Activity »
Using the entries that follow, count the lines containing the word "EAGLE" and give that number by itself.

The data »
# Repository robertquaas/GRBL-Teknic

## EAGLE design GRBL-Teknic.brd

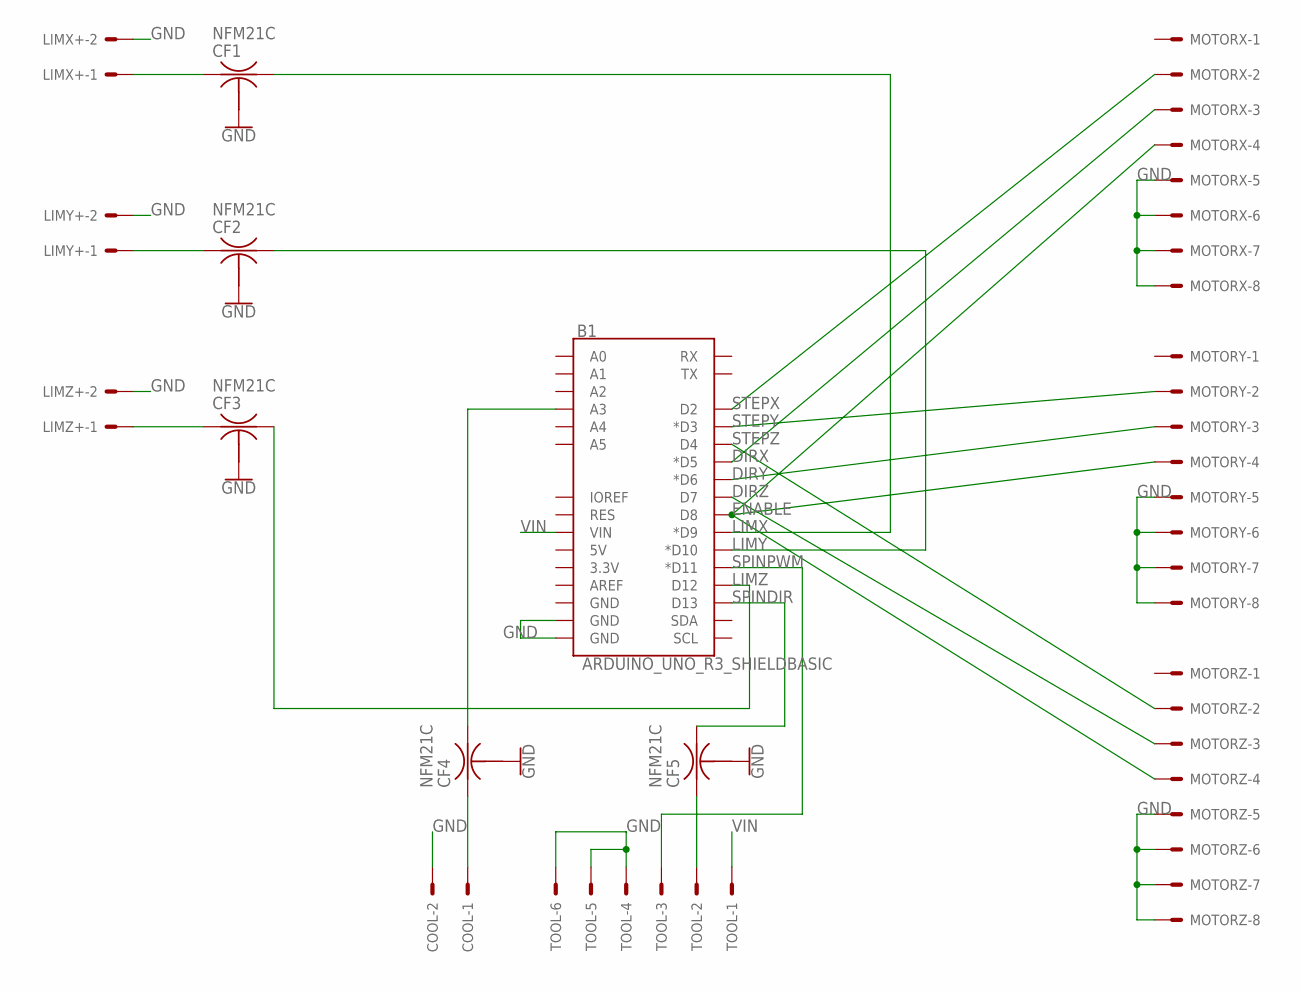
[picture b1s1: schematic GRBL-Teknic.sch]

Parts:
B1: ARDUINO_UNO_R3_SHIELDBASIC; UNO_R3_SHIELD
CF1, CF2, CF3, CF4, CF5: NFM21C
COOL: 555X-2V; 5566-2
LIMX+: 555X-2V; 5566-2
LIMY+: 555X-2V; 5566-2
LIMZ+: 555X-2V; 5566-2
MOTORX: 555X-8V; 5566-8
MOTORY: 555X-8V; 5566-8
MOTORZ: 555X-8V; 5566-8
TOOL: 555X-6V; 5566-6

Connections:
COOL: B1.A3, CF4.3
DIRX: B1.D5 (*D5), MOTORX.3
DIRY: B1.D6 (*D6), MOTORY.3
DIRZ: B1.D7, MOTORZ.3
ENABLE: B1.D8, MOTORX.4, MOTORY.4, MOTORZ.4
GND: B1.GND@0 (GND), B1.GND@1 (GND), CF1.2@1 (2), CF2.2@1 (2), CF3.2@1 (2), CF4.2@1 (2), CF5.2@1 (2), COOL.2, LIMX+.2, LIMY+.2, LIMZ+.2, MOTORX.5, MOTORX.6, MOTORX.7, MOTORX.8, MOTORY.5, MOTORY.6, MOTORY.7, MOTORY.8, MOTORZ.5, MOTORZ.6, MOTORZ.7, MOTORZ.8, TOOL.4, TOOL.5, TOOL.6
LIMX: B1.D9 (*D9), CF1.3
LIMY: B1.D10 (*D10), CF2.3
LIMZ: B1.D12, CF3.3
unnamed: CF4.1, COOL.1
unnamed: CF5.1, TOOL.2
unnamed: CF1.1, LIMX+.1
unnamed: CF2.1, LIMY+.1
unnamed: CF3.1, LIMZ+.1
SPINDIR: B1.D13, CF5.3
SPINPWM: B1.D11 (*D11), TOOL.3
STEPX: B1.D2, MOTORX.2
STEPY: B1.D3 (*D3), MOTORY.2
STEPZ: B1.D4, MOTORZ.2
VIN: B1.VIN, TOOL.1

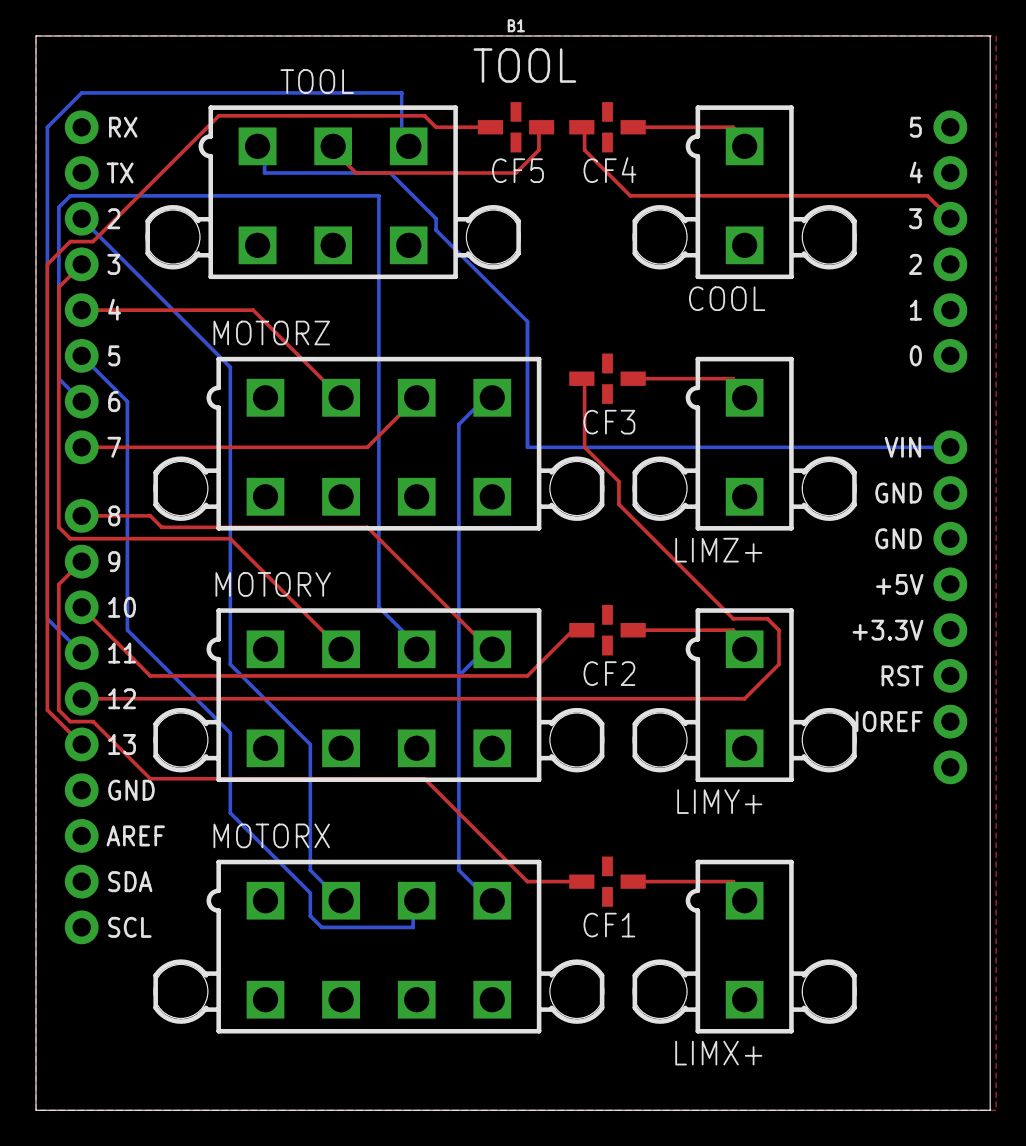
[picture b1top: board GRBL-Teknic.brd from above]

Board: 2 copper layers, 53.0 x 59.7 mm, 14 parts (0 on the bottom side), 20 nets.

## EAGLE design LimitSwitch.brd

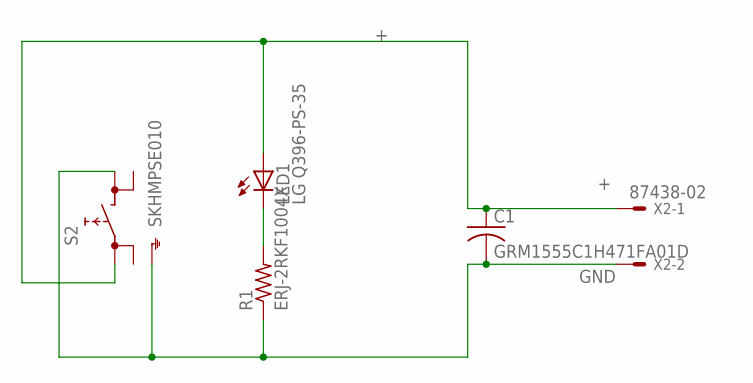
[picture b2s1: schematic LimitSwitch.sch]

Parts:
C1: GRM1555C1H471FA01D; C0402
LED1: LG Q396-PS-35; CHIPLED_0603
R1: ERJ-2RKF1004X; R0402
S2: SKHMPSE010; SKHMPXE010
X2: 87438-02

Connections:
+: C1.1, LED1.A, S2.1 (1.1), X2.1
GND: C1.2, R1.1, S2.3 (2.1), S2.5 (SH), X2.2
unnamed: LED1.C, R1.2

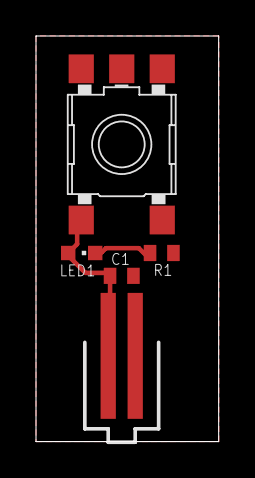
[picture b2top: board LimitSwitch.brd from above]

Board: 2 copper layers, 10.1 x 22.5 mm, 5 parts (0 on the bottom side), 3 nets.

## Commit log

2017-02-05 initial add starting from sparkfun arduino
2017-02-05 going with redboard -- need the USB port
2017-02-06 working from adafruit metro now, simpest i could find
2017-02-09 added in motor and limit connectors
2017-02-10 fixes #1 fixes #2
2017-02-10 fixes #4
2017-02-20 ready to try sample order
2017-02-20 updated with coolant connection
2017-02-20 designed multi direction limit switch
2017-02-20 much smaller switch
2017-02-21 sent off an order
2017-02-27 updated as I learn more from EMI filtering

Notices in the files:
parts and their libraries:
SparkFun-Boards: Licensing: Creative Commons ShareAlike 4.0 International - https://creativecommons.org/licenses/by-sa/4.0

Response box »
2